Interestingly, a higher proportion of JHR occurred in early stage leptospirosis, suggesting a higher probability of the event before the natural clearance of spirochetes. It is postulated that the inflammatory process results from activation of the cytokine cascade during the degeneration of spirochetes. Therefore, the apparent lower proportion of JHR in patients with leptospirosis compared with patients diagnosed with other spirochetal diseases may be explained by a lower bacteraemia. This hypothesis requires further investigation for validation. JHR unobserved or unreported by clinicians is an additional reason for this ostensible reduced frequency. Conversely, a confusion of JHR symptoms with the aggravation of the leptospirosis itself may lead to overestimate the incidence of this event.

Interestingly, international guidelines for the management of leptospirosis briefly mention the occurrence of JHR with penicillin, omitting the details of its prevention, management or outcome. Moreover, antibiotics other than penicillin (e.g. ceftriaxone) are not evoked. Similarly, infectious diseases textbooks mentioning the event overlook this reaction with non-penicillin antibiotics. Noteworthy, recommended antibiotics for the management of leptospirosis vary considerably according to settings. For example, most commonly used drugs in the Philippines for mild leptospirosis is doxycyclin while penicillin G is recommended for treating severe cases [50]; amoxicillin and cefotaxim are preferentially used in French Caribbean or in New Caledonia in mild and severe cases, respectively [53].

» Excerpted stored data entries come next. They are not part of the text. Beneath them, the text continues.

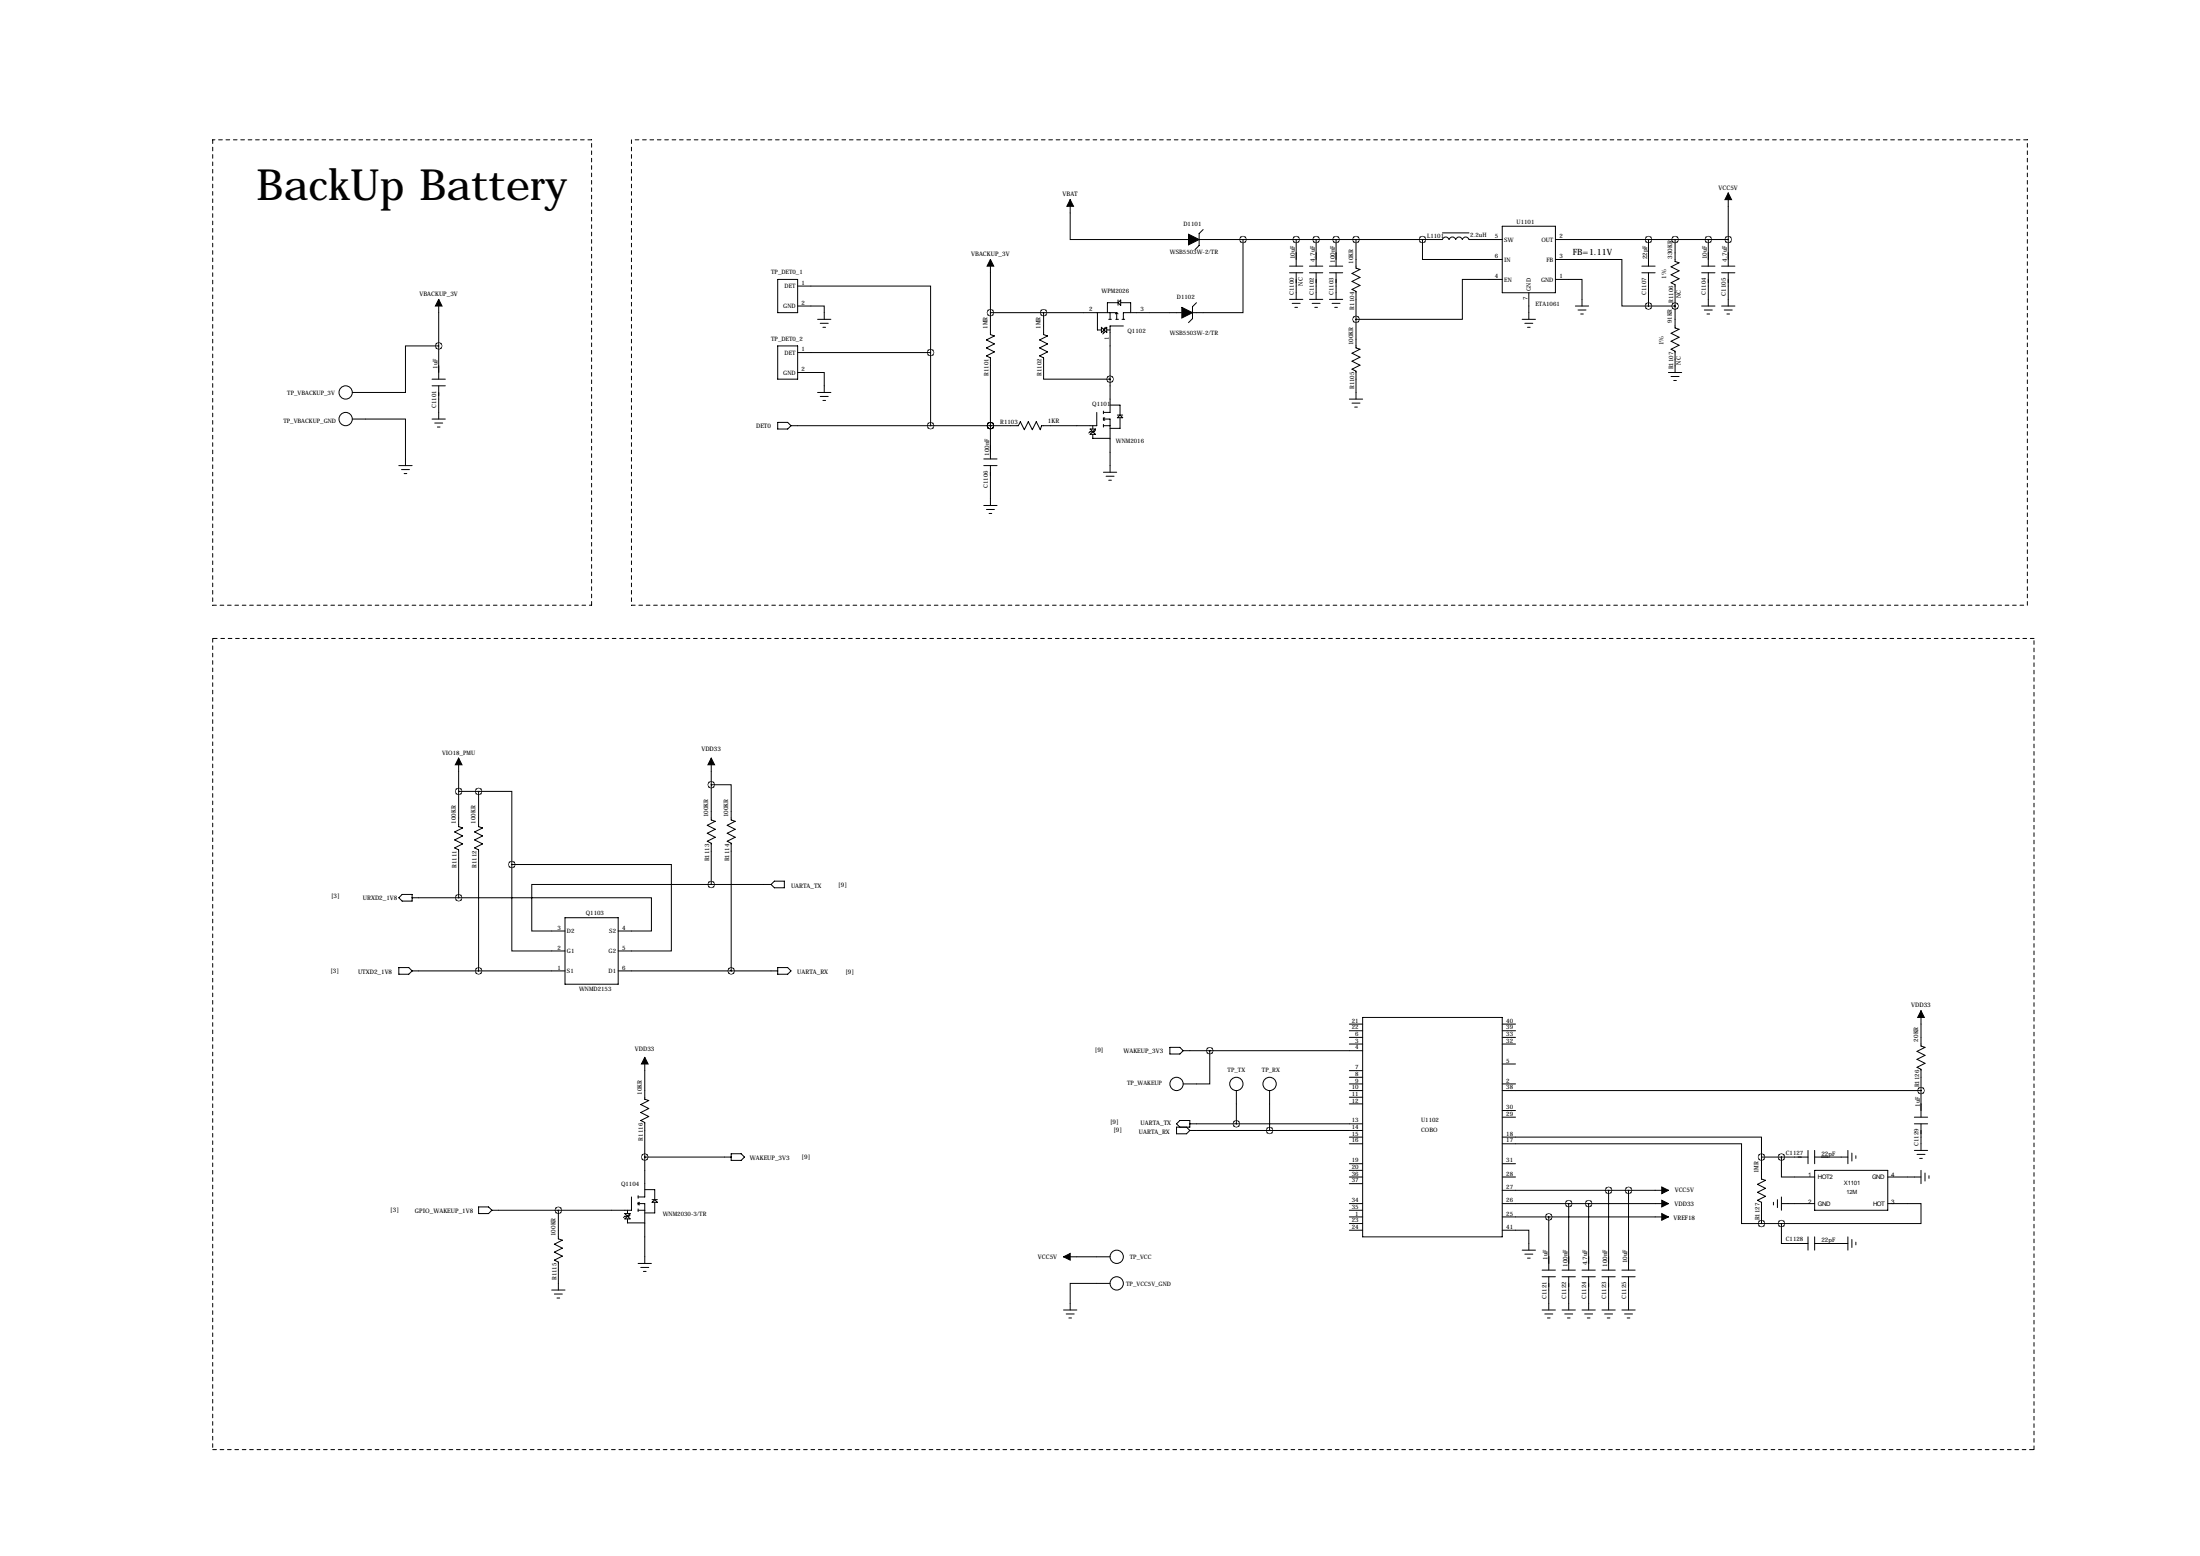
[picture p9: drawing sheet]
<svg xmlns="http://www.w3.org/2000/svg" width="841mm" height="594mm" viewBox="0 0 841 594" stroke-linecap="round" stroke-linejoin="round" font-family="sans-serif">
<path d="M81.3 53.4v177.8M226.1 53.4h-144.8M241.3 53.4v177.8M774.7 53.4h-533.4M81.3 231.2h144.8M226.1 231.2v-177.8M241.3 231.2h533.4M774.7 231.2v-177.8M81.3 243.9v309.9M777.2 243.9h-695.9M81.3 553.8h695.9M777.2 553.8v-309.9" fill="none" stroke="#000" stroke-width=".38" stroke-dasharray="1.4 1.4"/>
<g fill="none" stroke="#000" stroke-width=".38">
<path d="M408.9 76.3v15.2h45.3M660.4 73.7v28M378.5 99.1v28.7l1.5 .5-3.1 1.6 3.1 1.5-3.1 1.5 3.1 1.5-3.1 1.6 1.6 .7v38.6M458.2 91.5h93a1.32 1.32 0 0 1 1.3-1 1.32 1.32 0 0 1 1.2 1 1.32 1.32 0 0 1 1.3-1 1.32 1.32 0 0 1 1.3 1 1.32 1.32 0 0 1 1.2-1 1.32 1.32 0 0 1 1.3 1 1.32 1.32 0 0 1 1.3-1 1.32 1.32 0 0 1 1.2 1h12.7M459.7 87.7l-1.5 1.5v4.6l-1.5 1.5M475 91.5v28h-19.3M495.3 91.5v10.2M502.9 91.5v10.2M510.5 91.5v10.2M518.2 91.5v10.9l1.5 .5-3.1 1.6 3.1 1.5-3.1 1.5 3.1 1.5-3.1 1.6 1.6 .7v21.6l1.5 .5-3.1 1.5 3.1 1.6-3.1 1.5 3.1 1.5-3.1 1.5 1.6 .8v10.7M543.6 91.5v7.6h30.4M551.2 89h10.1"/>
<path d="M574 86.4h20.4v25.4h-20.4zM594.4 99.1h25.4v17.8h10.1M594.4 91.5h66M629.9 91.5v10.2M640.1 91.5v8.4l1.5 .5-3 1.5 3 1.5-3 1.6 3 1.5-3 1.5 1.5 .8v16.5l1.5 .5-3 1.5 3 1.5-3 1.6 3 1.5-3 1.5 1.5 .8v8.1M652.8 91.5v10.2M167.6 114.4v30.5M297.2 106.8h7.6v12.7h-7.6zM304.8 109.3h50.8v25.4M304.8 116.9h10.2v5.1M378.5 119.5h48.2M398.8 119.5v8.3l1.5 .5-3 1.6 3 1.5-3 1.5 3 1.5-3 1.6 1.5 .7v8.2h25.4"/>
<path d="M419.4 119.5v6.6h1.5M424.2 119.5v2.5M426.7 119.5v2.5M426.7 119.4l.5 .5M426.7 119.4l-.5 .5M427.2 115.6h-4v3.9M427.2 114.6v2M428.2 115.6h3.9v3.9M428.2 114.6v2.1l-1-1.1zM451.6 119.5h-22.3v2.5M457.2 115.6l-1.5 1.6v4.5l-1.5 1.6M492.8 104.2h5"/>
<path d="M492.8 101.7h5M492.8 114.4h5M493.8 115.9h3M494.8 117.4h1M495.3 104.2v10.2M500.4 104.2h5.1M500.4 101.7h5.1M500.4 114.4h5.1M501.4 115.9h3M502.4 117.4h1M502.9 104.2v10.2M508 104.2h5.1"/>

Some limitations in the current review should be acknowledged. First, potential publication bias is impossible to completely exclude. Moreover, unpublished reports or reports that were not referenced in databases could have been missed despite the comprehensive search. Second, patients presenting with undetected co-infections may have been included in the study. Finally and most importantly, the diagnosis of JHR was not supported by any dosage of biological markers. In addition, the definition of JHR was not uniform, including in the largest case series published by Mackay-Dick [36] which lacks of details such as the onset of reaction. Therefore, although most of the cases presented a genuine JHR, some might have had a clinical aggravation related to the spirochetal disease regardless of the antibiotherapy.

Conclusions

The prevalence of JHR in leptospirosis treated with antibiotics is unknown and the awareness of this adverse event is insufficient. Although this review suggests that antibiotic treatment in patients with leptospirosis may result in less common and less severe JHR than in patients with other spirochetal diseases, all leptospirosis guidelines and local leptospirosis protocols should stress on systematic monitoring for clinical status early after antibiotic administration. We strongly recommend that patients receiving penicillin or other antibiotics for the management of leptospirosis to be monitored early after initiation of treatment to prevent any detrimental effects of a potential JHR. Since it is still controversial whether antimicrobials produce a beneficial effect in mild human leptospirosis, large well designed studies are required integrating a specific monitoring to precise the incidence and the impact of JHR as well as the severity and rates between various antibiotics.